(THE DATA)
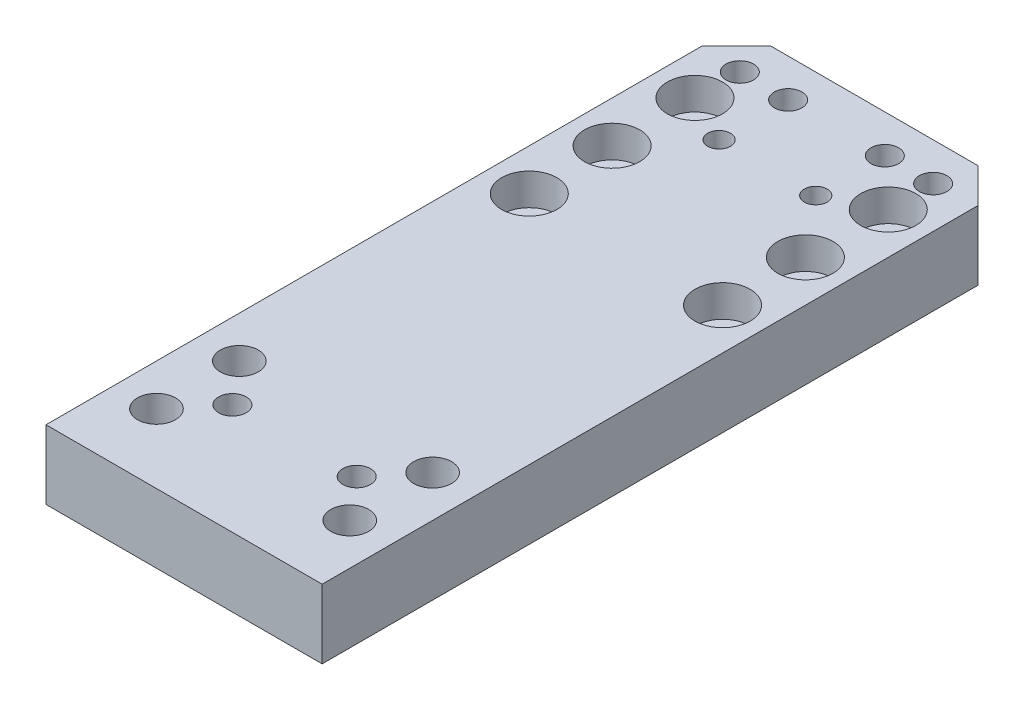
ISO-10303-21;
HEADER;
FILE_DESCRIPTION(('STEP AP214'),'2;1');
FILE_NAME('part.step','',(''),(''),'','','');
FILE_SCHEMA(('AUTOMOTIVE_DESIGN { 1 0 10303 214 1 1 1 1 }'));
ENDSEC;
DATA;
#1=APPLICATION_CONTEXT('core data for automotive mechanical design processes');
#2=APPLICATION_PROTOCOL_DEFINITION('international standard','automotive_design',2000,#1);
#3=PRODUCT_CONTEXT('',#1,'mechanical');
#4=PRODUCT('Part','Part','',(#3));
#5=PRODUCT_RELATED_PRODUCT_CATEGORY('part','',(#4));
#6=PRODUCT_DEFINITION_FORMATION('','',#4);
#7=PRODUCT_DEFINITION_CONTEXT('part definition',#1,'design');
#8=PRODUCT_DEFINITION('design','',#6,#7);
#9=PRODUCT_DEFINITION_SHAPE('','',#8);
#10=(LENGTH_UNIT() NAMED_UNIT(*) SI_UNIT(.MILLI.,.METRE.));
#11=(NAMED_UNIT(*) PLANE_ANGLE_UNIT() SI_UNIT($,.RADIAN.));
#12=(NAMED_UNIT(*) SI_UNIT($,.STERADIAN.) SOLID_ANGLE_UNIT());
#13=UNCERTAINTY_MEASURE_WITH_UNIT(LENGTH_MEASURE(1.E-05),#10,'distance_accuracy_value','');
#14=(GEOMETRIC_REPRESENTATION_CONTEXT(3) GLOBAL_UNCERTAINTY_ASSIGNED_CONTEXT((#13)) GLOBAL_UNIT_ASSIGNED_CONTEXT((#10,
#11,#12)) REPRESENTATION_CONTEXT('',''));
#15=CARTESIAN_POINT('',(0.,0.,0.));
#16=DIRECTION('',(0.,0.,1.));
#17=DIRECTION('',(1.,0.,0.));
#18=AXIS2_PLACEMENT_3D('',#15,#16,#17);
#19=CARTESIAN_POINT('',(20.,10.,-75.));
#20=DIRECTION('',(-1.,0.,0.));
#21=DIRECTION('',(0.,0.,1.));
#22=AXIS2_PLACEMENT_3D('',#19,#20,#21);
#23=PLANE('',#22);
#24=DIRECTION('',(0.,0.,-1.));
#25=VECTOR('',#24,1.);
#26=CARTESIAN_POINT('',(20.,10.,-75.));
#27=LINE('',#26,#25);
#28=CARTESIAN_POINT('',(20.,10.,65.));
#29=VERTEX_POINT('',#28);
#30=CARTESIAN_POINT('',(20.,10.,-30.));
#31=VERTEX_POINT('',#30);
#32=EDGE_CURVE('E80',#29,#31,#27,.T.);
#33=ORIENTED_EDGE('',*,*,#32,.F.);
#34=DIRECTION('',(0.,1.,0.));
#35=VECTOR('',#34,1.);
#36=CARTESIAN_POINT('',(20.,0.,65.));
#37=LINE('',#36,#35);
#38=CARTESIAN_POINT('',(20.,0.,65.));
#39=VERTEX_POINT('',#38);
#40=EDGE_CURVE('E69',#39,#29,#37,.T.);
#41=ORIENTED_EDGE('',*,*,#40,.F.);
#42=DIRECTION('',(0.,0.,-1.));
#43=VECTOR('',#42,1.);
#44=CARTESIAN_POINT('',(20.,0.,-75.));
#45=LINE('',#44,#43);
#46=CARTESIAN_POINT('',(20.,0.,-30.));
#47=VERTEX_POINT('',#46);
#48=EDGE_CURVE('E78',#39,#47,#45,.T.);
#49=ORIENTED_EDGE('',*,*,#48,.T.);
#50=DIRECTION('',(0.,1.,0.));
#51=VECTOR('',#50,1.);
#52=CARTESIAN_POINT('',(20.,10.,-30.));
#53=LINE('',#52,#51);
#54=EDGE_CURVE('E99',#47,#31,#53,.T.);
#55=ORIENTED_EDGE('',*,*,#54,.T.);
#56=EDGE_LOOP('',(#33,#41,#49,#55));
#57=FACE_BOUND('',#56,.T.);
#58=ADVANCED_FACE('F16',(#57),#23,.F.);
#59=CARTESIAN_POINT('',(-20.,10.,-75.));
#60=DIRECTION('',(1.,0.,0.));
#61=DIRECTION('',(0.,0.,-1.));
#62=AXIS2_PLACEMENT_3D('',#59,#60,#61);
#63=PLANE('',#62);
#64=DIRECTION('',(0.,0.,1.));
#65=VECTOR('',#64,1.);
#66=CARTESIAN_POINT('',(-20.,0.,-75.));
#67=LINE('',#66,#65);
#68=CARTESIAN_POINT('',(-20.,0.,-30.));
#69=VERTEX_POINT('',#68);
#70=CARTESIAN_POINT('',(-20.,0.,65.));
#71=VERTEX_POINT('',#70);
#72=EDGE_CURVE('E86',#69,#71,#67,.T.);
#73=ORIENTED_EDGE('',*,*,#72,.T.);
#74=DIRECTION('',(0.,1.,0.));
#75=VECTOR('',#74,1.);
#76=CARTESIAN_POINT('',(-20.,0.,65.));
#77=LINE('',#76,#75);
#78=CARTESIAN_POINT('',(-20.,10.,65.));
#79=VERTEX_POINT('',#78);
#80=EDGE_CURVE('E31',#71,#79,#77,.T.);
#81=ORIENTED_EDGE('',*,*,#80,.T.);
#82=DIRECTION('',(0.,0.,1.));
#83=VECTOR('',#82,1.);
#84=CARTESIAN_POINT('',(-20.,10.,-75.));
#85=LINE('',#84,#83);
#86=CARTESIAN_POINT('',(-20.,10.,-30.));
#87=VERTEX_POINT('',#86);
#88=EDGE_CURVE('E94',#87,#79,#85,.T.);
#89=ORIENTED_EDGE('',*,*,#88,.F.);
#90=DIRECTION('',(0.,-1.,0.));
#91=VECTOR('',#90,1.);
#92=CARTESIAN_POINT('',(-20.,10.,-30.));
#93=LINE('',#92,#91);
#94=EDGE_CURVE('E11',#87,#69,#93,.T.);
#95=ORIENTED_EDGE('',*,*,#94,.T.);
#96=EDGE_LOOP('',(#73,#81,#89,#95));
#97=FACE_BOUND('',#96,.T.);
#98=ADVANCED_FACE('F123',(#97),#63,.F.);
#99=CARTESIAN_POINT('',(0.,10.,0.));
#100=DIRECTION('',(0.,1.,0.));
#101=DIRECTION('',(0.,0.,1.));
#102=AXIS2_PLACEMENT_3D('',#99,#100,#101);
#103=PLANE('',#102);
#104=CARTESIAN_POINT('',(14.,10.,-29.5000000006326));
#105=DIRECTION('',(0.,1.,0.));
#106=DIRECTION('',(0.,0.,1.));
#107=AXIS2_PLACEMENT_3D('',#104,#105,#106);
#108=CIRCLE('',#107,2.);
#109=CARTESIAN_POINT('',(14.,10.,-27.5000000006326));
#110=VERTEX_POINT('',#109);
#111=EDGE_CURVE('E292',#110,#110,#108,.T.);
#112=ORIENTED_EDGE('',*,*,#111,.F.);
#113=EDGE_LOOP('',(#112));
#114=FACE_BOUND('',#113,.T.);
#115=CARTESIAN_POINT('',(-14.,10.,-29.5000000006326));
#116=DIRECTION('',(0.,1.,0.));
#117=DIRECTION('',(0.,0.,1.));
#118=AXIS2_PLACEMENT_3D('',#115,#116,#117);
#119=CIRCLE('',#118,2.);
#120=CARTESIAN_POINT('',(-14.,10.,-27.5000000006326));
#121=VERTEX_POINT('',#120);
#122=EDGE_CURVE('E286',#121,#121,#119,.T.);
#123=ORIENTED_EDGE('',*,*,#122,.F.);
#124=EDGE_LOOP('',(#123));
#125=FACE_BOUND('',#124,.T.);
#126=CARTESIAN_POINT('',(14.,10.,1.));
#127=DIRECTION('',(0.,1.,0.));
#128=DIRECTION('',(0.,0.,1.));
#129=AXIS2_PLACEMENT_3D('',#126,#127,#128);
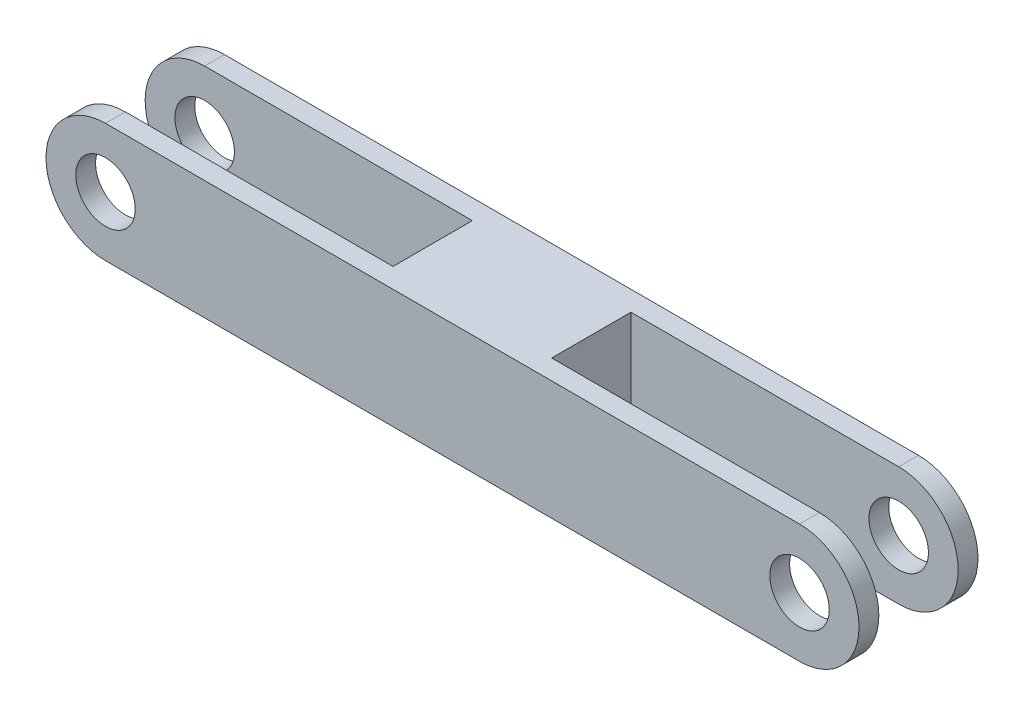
ISO-10303-21;
HEADER;
FILE_DESCRIPTION(('STEP AP214'),'2;1');
FILE_NAME('part.step','',(''),(''),'','','');
FILE_SCHEMA(('AUTOMOTIVE_DESIGN { 1 0 10303 214 1 1 1 1 }'));
ENDSEC;
DATA;
#1=APPLICATION_CONTEXT('core data for automotive mechanical design processes');
#2=APPLICATION_PROTOCOL_DEFINITION('international standard','automotive_design',2000,#1);
#3=PRODUCT_CONTEXT('',#1,'mechanical');
#4=PRODUCT('Part','Part','',(#3));
#5=PRODUCT_RELATED_PRODUCT_CATEGORY('part','',(#4));
#6=PRODUCT_DEFINITION_FORMATION('','',#4);
#7=PRODUCT_DEFINITION_CONTEXT('part definition',#1,'design');
#8=PRODUCT_DEFINITION('design','',#6,#7);
#9=PRODUCT_DEFINITION_SHAPE('','',#8);
#10=(LENGTH_UNIT() NAMED_UNIT(*) SI_UNIT(.MILLI.,.METRE.));
#11=(NAMED_UNIT(*) PLANE_ANGLE_UNIT() SI_UNIT($,.RADIAN.));
#12=(NAMED_UNIT(*) SI_UNIT($,.STERADIAN.) SOLID_ANGLE_UNIT());
#13=UNCERTAINTY_MEASURE_WITH_UNIT(LENGTH_MEASURE(1.E-05),#10,'distance_accuracy_value','');
#14=(GEOMETRIC_REPRESENTATION_CONTEXT(3) GLOBAL_UNCERTAINTY_ASSIGNED_CONTEXT((#13)) GLOBAL_UNIT_ASSIGNED_CONTEXT((#10,
#11,#12)) REPRESENTATION_CONTEXT('',''));
#15=CARTESIAN_POINT('',(0.,0.,0.));
#16=DIRECTION('',(0.,0.,1.));
#17=DIRECTION('',(1.,0.,0.));
#18=AXIS2_PLACEMENT_3D('',#15,#16,#17);
#19=CARTESIAN_POINT('',(0.,0.,3.));
#20=DIRECTION('',(0.,0.,-1.));
#21=DIRECTION('',(-1.,0.,0.));
#22=AXIS2_PLACEMENT_3D('',#19,#20,#21);
#23=CYLINDRICAL_SURFACE('',#22,3.);
#24=DIRECTION('',(0.,0.,-1.));
#25=VECTOR('',#24,1.);
#26=CARTESIAN_POINT('',(0.,3.,3.));
#27=LINE('',#26,#25);
#28=CARTESIAN_POINT('',(0.,3.,3.));
#29=VERTEX_POINT('',#28);
#30=CARTESIAN_POINT('',(0.,3.,2.));
#31=VERTEX_POINT('',#30);
#32=EDGE_CURVE('E139',#29,#31,#27,.T.);
#33=ORIENTED_EDGE('',*,*,#32,.T.);
#34=CARTESIAN_POINT('',(0.,0.,2.));
#35=DIRECTION('',(0.,0.,1.));
#36=DIRECTION('',(1.,0.,0.));
#37=AXIS2_PLACEMENT_3D('',#34,#35,#36);
#38=CIRCLE('',#37,3.);
#39=CARTESIAN_POINT('',(0.,-3.,2.));
#40=VERTEX_POINT('',#39);
#41=EDGE_CURVE('E127',#40,#31,#38,.F.);
#42=ORIENTED_EDGE('',*,*,#41,.F.);
#43=DIRECTION('',(0.,0.,-1.));
#44=VECTOR('',#43,1.);
#45=CARTESIAN_POINT('',(0.,-3.,3.));
#46=LINE('',#45,#44);
#47=CARTESIAN_POINT('',(0.,-3.,3.));
#48=VERTEX_POINT('',#47);
#49=EDGE_CURVE('E11',#48,#40,#46,.T.);
#50=ORIENTED_EDGE('',*,*,#49,.F.);
#51=CARTESIAN_POINT('',(0.,0.,3.));
#52=DIRECTION('',(0.,0.,1.));
#53=DIRECTION('',(-1.,0.,0.));
#54=AXIS2_PLACEMENT_3D('',#51,#52,#53);
#55=CIRCLE('',#54,3.);
#56=EDGE_CURVE('E153',#29,#48,#55,.T.);
#57=ORIENTED_EDGE('',*,*,#56,.F.);
#58=EDGE_LOOP('',(#33,#42,#50,#57));
#59=FACE_BOUND('',#58,.T.);
#60=ADVANCED_FACE('F33',(#59),#23,.T.);
#61=CARTESIAN_POINT('',(0.,0.,3.));
#62=DIRECTION('',(0.,0.,-1.));
#63=DIRECTION('',(-1.,0.,0.));
#64=AXIS2_PLACEMENT_3D('',#61,#62,#63);
#65=CYLINDRICAL_SURFACE('',#64,1.5);
#66=CARTESIAN_POINT('',(0.,0.,2.));
#67=DIRECTION('',(0.,0.,1.));
#68=DIRECTION('',(1.,0.,0.));
#69=AXIS2_PLACEMENT_3D('',#66,#67,#68);
#70=CIRCLE('',#69,1.5);
#71=CARTESIAN_POINT('',(1.5,0.,2.));
#72=VERTEX_POINT('',#71);
#73=EDGE_CURVE('E243',#72,#72,#70,.F.);
#74=ORIENTED_EDGE('',*,*,#73,.T.);
#75=EDGE_LOOP('',(#74));
#76=FACE_BOUND('',#75,.T.);
#77=CARTESIAN_POINT('',(0.,0.,3.));
#78=DIRECTION('',(0.,0.,1.));
#79=DIRECTION('',(1.,0.,0.));
#80=AXIS2_PLACEMENT_3D('',#77,#78,#79);
#81=CIRCLE('',#80,1.5);
#82=CARTESIAN_POINT('',(1.5,0.,3.));
#83=VERTEX_POINT('',#82);
#84=EDGE_CURVE('E200',#83,#83,#81,.T.);
#85=ORIENTED_EDGE('',*,*,#84,.T.);
#86=EDGE_LOOP('',(#85));
#87=FACE_BOUND('',#86,.T.);
#88=ADVANCED_FACE('F283',(#76,#87),#65,.F.);
#89=CARTESIAN_POINT('',(35.,0.,3.));
#90=DIRECTION('',(0.,0.,-1.));
#91=DIRECTION('',(-1.,0.,0.));
#92=AXIS2_PLACEMENT_3D('',#89,#90,#91);
#93=CYLINDRICAL_SURFACE('',#92,3.);
#94=DIRECTION('',(0.,0.,-1.));
#95=VECTOR('',#94,1.);
#96=CARTESIAN_POINT('',(35.,3.,3.));
#97=LINE('',#96,#95);
#98=CARTESIAN_POINT('',(35.,3.,-2.));
#99=VERTEX_POINT('',#98);
#100=CARTESIAN_POINT('',(35.,3.,-3.));
#101=VERTEX_POINT('',#100);
#102=EDGE_CURVE('E170',#99,#101,#97,.T.);
#103=ORIENTED_EDGE('',*,*,#102,.F.);
#104=CARTESIAN_POINT('',(35.,0.,-2.));
#105=DIRECTION('',(0.,0.,-1.));
#106=DIRECTION('',(-1.,0.,0.));
#107=AXIS2_PLACEMENT_3D('',#104,#105,#106);
#108=CIRCLE('',#107,3.);
#109=CARTESIAN_POINT('',(35.,-3.,-2.));
#110=VERTEX_POINT('',#109);
#111=EDGE_CURVE('E185',#110,#99,#108,.F.);
#112=ORIENTED_EDGE('',*,*,#111,.F.);
#113=DIRECTION('',(0.,0.,-1.));
#114=VECTOR('',#113,1.);
#115=CARTESIAN_POINT('',(35.,-3.,3.));
#116=LINE('',#115,#114);
#117=CARTESIAN_POINT('',(35.,-3.,-3.));
#118=VERTEX_POINT('',#117);
#119=EDGE_CURVE('E173',#110,#118,#116,.T.);
#120=ORIENTED_EDGE('',*,*,#119,.T.);
#121=CARTESIAN_POINT('',(35.,0.,-3.));
#122=DIRECTION('',(0.,0.,1.));
#123=DIRECTION('',(1.,0.,0.));
#124=AXIS2_PLACEMENT_3D('',#121,#122,#123);
#125=CIRCLE('',#124,3.);
#126=EDGE_CURVE('E162',#118,#101,#125,.T.);
#127=ORIENTED_EDGE('',*,*,#126,.T.);
#128=EDGE_LOOP('',(#103,#112,#120,#127));
#129=FACE_BOUND('',#128,.T.);
#130=ADVANCED_FACE('F182',(#129),#93,.T.);
#131=CARTESIAN_POINT('',(35.,0.,3.));
#132=DIRECTION('',(0.,0.,-1.));
#133=DIRECTION('',(-1.,0.,0.));
#134=AXIS2_PLACEMENT_3D('',#131,#132,#133);
#135=CYLINDRICAL_SURFACE('',#134,1.5);
#136=CARTESIAN_POINT('',(35.,0.,-2.));
#137=DIRECTION('',(0.,0.,-1.));
#138=DIRECTION('',(-1.,0.,0.));
#139=AXIS2_PLACEMENT_3D('',#136,#137,#138);
#140=CIRCLE('',#139,1.5);
#141=CARTESIAN_POINT('',(33.5,0.,-2.));
#142=VERTEX_POINT('',#141);
#143=EDGE_CURVE('E219',#142,#142,#140,.F.);
#144=ORIENTED_EDGE('',*,*,#143,.T.);
#145=EDGE_LOOP('',(#144));
#146=FACE_BOUND('',#145,.T.);
#147=CARTESIAN_POINT('',(35.,0.,-3.));
#148=DIRECTION('',(0.,0.,1.));
#149=DIRECTION('',(1.,0.,0.));
#150=AXIS2_PLACEMENT_3D('',#147,#148,#149);
#151=CIRCLE('',#150,1.5);
#152=CARTESIAN_POINT('',(36.5,0.,-3.));
#153=VERTEX_POINT('',#152);
#154=EDGE_CURVE('E209',#153,#153,#151,.T.);
#155=ORIENTED_EDGE('',*,*,#154,.F.);
#156=EDGE_LOOP('',(#155));
#157=FACE_BOUND('',#156,.T.);
#158=ADVANCED_FACE('F282',(#146,#157),#135,.F.);
#159=CARTESIAN_POINT('',(0.,0.,3.));
#160=DIRECTION('',(0.,0.,-1.));
#161=DIRECTION('',(-1.,0.,0.));
#162=AXIS2_PLACEMENT_3D('',#159,#160,#161);
#163=PLANE('',#162);
#164=ORIENTED_EDGE('',*,*,#84,.F.);
#165=EDGE_LOOP('',(#164));
#166=FACE_BOUND('',#165,.T.);
#167=ORIENTED_EDGE('',*,*,#56,.T.);
#168=DIRECTION('',(1.,0.,0.));
#169=VECTOR('',#168,1.);
#170=CARTESIAN_POINT('',(0.,-3.,3.));
#171=LINE('',#170,#169);
#172=CARTESIAN_POINT('',(35.,-3.,3.));
#173=VERTEX_POINT('',#172);
#174=EDGE_CURVE('E145',#48,#173,#171,.T.);
#175=ORIENTED_EDGE('',*,*,#174,.T.);
#176=CARTESIAN_POINT('',(35.,0.,3.));
#177=DIRECTION('',(0.,0.,1.));
#178=DIRECTION('',(1.,0.,0.));
#179=AXIS2_PLACEMENT_3D('',#176,#177,#178);
#180=CIRCLE('',#179,3.);
#181=CARTESIAN_POINT('',(35.,3.,3.));
#182=VERTEX_POINT('',#181);
#183=EDGE_CURVE('E152',#173,#182,#180,.T.);
#184=ORIENTED_EDGE('',*,*,#183,.T.);
#185=DIRECTION('',(-1.,0.,0.));
#186=VECTOR('',#185,1.);
#187=CARTESIAN_POINT('',(0.,3.,3.));
#188=LINE('',#187,#186);
#189=EDGE_CURVE('E158',#182,#29,#188,.T.);
#190=ORIENTED_EDGE('',*,*,#189,.T.);
#191=EDGE_LOOP('',(#167,#175,#184,#190));
#192=FACE_BOUND('',#191,.T.);
#193=CARTESIAN_POINT('',(35.,0.,3.));
#194=DIRECTION('',(0.,0.,1.));
#195=DIRECTION('',(1.,0.,0.));
#196=AXIS2_PLACEMENT_3D('',#193,#194,#195);
#197=CIRCLE('',#196,1.5);
#198=CARTESIAN_POINT('',(36.5,0.,3.));
#199=VERTEX_POINT('',#198);
#200=EDGE_CURVE('E206',#199,#199,#197,.T.);
#201=ORIENTED_EDGE('',*,*,#200,.F.);
#202=EDGE_LOOP('',(#201));
#203=FACE_BOUND('',#202,.T.);
#204=ADVANCED_FACE('F155',(#166,#192,#203),#163,.F.);
#205=CARTESIAN_POINT('',(0.,0.,-3.));
#206=DIRECTION('',(0.,0.,-1.));
#207=DIRECTION('',(-1.,0.,0.));
#208=AXIS2_PLACEMENT_3D('',#205,#206,#207);
#209=PLANE('',#208);
#210=CARTESIAN_POINT('',(0.,0.,-3.));
#211=DIRECTION('',(0.,0.,1.));
#212=DIRECTION('',(1.,0.,0.));
#213=AXIS2_PLACEMENT_3D('',#210,#211,#212);
#214=CIRCLE('',#213,1.5);
#215=CARTESIAN_POINT('',(1.5,0.,-3.));
#216=VERTEX_POINT('',#215);
#217=EDGE_CURVE('E203',#216,#216,#214,.T.);
#218=ORIENTED_EDGE('',*,*,#217,.T.);
#219=EDGE_LOOP('',(#218));
#220=FACE_BOUND('',#219,.T.);
#221=CARTESIAN_POINT('',(0.,0.,-3.));
#222=DIRECTION('',(0.,0.,1.));
#223=DIRECTION('',(-1.,0.,0.));
#224=AXIS2_PLACEMENT_3D('',#221,#222,#223);
#225=CIRCLE('',#224,3.);
#226=CARTESIAN_POINT('',(0.,3.,-3.));
#227=VERTEX_POINT('',#226);
#228=CARTESIAN_POINT('',(0.,-3.,-3.));
#229=VERTEX_POINT('',#228);
#230=EDGE_CURVE('E194',#227,#229,#225,.T.);
#231=ORIENTED_EDGE('',*,*,#230,.F.);
#232=DIRECTION('',(-1.,0.,0.));
#233=VECTOR('',#232,1.);
#234=CARTESIAN_POINT('',(0.,3.,-3.));
#235=LINE('',#234,#233);
#236=EDGE_CURVE('E159',#101,#227,#235,.T.);
#237=ORIENTED_EDGE('',*,*,#236,.F.);
#238=ORIENTED_EDGE('',*,*,#126,.F.);
#239=DIRECTION('',(1.,0.,0.));
#240=VECTOR('',#239,1.);
#241=CARTESIAN_POINT('',(0.,-3.,-3.));
#242=LINE('',#241,#240);
#243=EDGE_CURVE('E188',#229,#118,#242,.T.);
#244=ORIENTED_EDGE('',*,*,#243,.F.);
#245=EDGE_LOOP('',(#231,#237,#238,#244));
#246=FACE_BOUND('',#245,.T.);
#247=ORIENTED_EDGE('',*,*,#154,.T.);
#248=EDGE_LOOP('',(#247));
#249=FACE_BOUND('',#248,.T.);
#250=ADVANCED_FACE('F196',(#220,#246,#249),#209,.T.);
#251=CARTESIAN_POINT('',(0.,-3.,-2.));
#252=VERTEX_POINT('',#251);
#253=EDGE_CURVE('E41',#252,#229,#46,.T.);
#254=ORIENTED_EDGE('',*,*,#253,.F.);
#255=CARTESIAN_POINT('',(0.,0.,-2.));
#256=DIRECTION('',(0.,0.,-1.));
#257=DIRECTION('',(-1.,0.,0.));
#258=AXIS2_PLACEMENT_3D('',#255,#256,#257);
#259=CIRCLE('',#258,3.);
#260=CARTESIAN_POINT('',(0.,3.,-2.));
#261=VERTEX_POINT('',#260);
#262=EDGE_CURVE('E141',#261,#252,#259,.F.);
#263=ORIENTED_EDGE('',*,*,#262,.F.);
#264=EDGE_CURVE('E168',#261,#227,#27,.T.);
#265=ORIENTED_EDGE('',*,*,#264,.T.);
#266=ORIENTED_EDGE('',*,*,#230,.T.);
#267=EDGE_LOOP('',(#254,#263,#265,#266));
#268=FACE_BOUND('',#267,.T.);
#269=ADVANCED_FACE('F35',(#268),#23,.T.);
#270=CARTESIAN_POINT('',(0.,-3.,3.));
#271=DIRECTION('',(0.,1.,0.));
#272=DIRECTION('',(0.,0.,1.));
#273=AXIS2_PLACEMENT_3D('',#270,#271,#272);
#274=PLANE('',#273);
#275=ORIENTED_EDGE('',*,*,#49,.T.);
#276=DIRECTION('',(-1.,0.,0.));
#277=VECTOR('',#276,1.);
#278=CARTESIAN_POINT('',(13.5,-3.,2.));
#279=LINE('',#278,#277);
#280=CARTESIAN_POINT('',(13.5,-3.,2.));
#281=VERTEX_POINT('',#280);
#282=EDGE_CURVE('E123',#281,#40,#279,.T.);
#283=ORIENTED_EDGE('',*,*,#282,.F.);
#284=DIRECTION('',(0.,0.,1.));
#285=VECTOR('',#284,1.);
#286=CARTESIAN_POINT('',(13.5,-3.,-2.));
#287=LINE('',#286,#285);
#288=CARTESIAN_POINT('',(13.5,-3.,-2.));
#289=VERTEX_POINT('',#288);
(End THE DATA)
■ ACTIVITY
Exact duplication is required for the lines above, from the line that contains "#130=ADVANCED_FACE('F182',(#129),#93,.T.);" to the line that contains "#136=CARTESIAN_POINT('',(35.,0.,-2.));", inclusive; omit all others.

■ RESPONSE AREA
#130=ADVANCED_FACE('F182',(#129),#93,.T.);
#131=CARTESIAN_POINT('',(35.,0.,3.));
#132=DIRECTION('',(0.,0.,-1.));
#133=DIRECTION('',(-1.,0.,0.));
#134=AXIS2_PLACEMENT_3D('',#131,#132,#133);
#135=CYLINDRICAL_SURFACE('',#134,1.5);
#136=CARTESIAN_POINT('',(35.,0.,-2.));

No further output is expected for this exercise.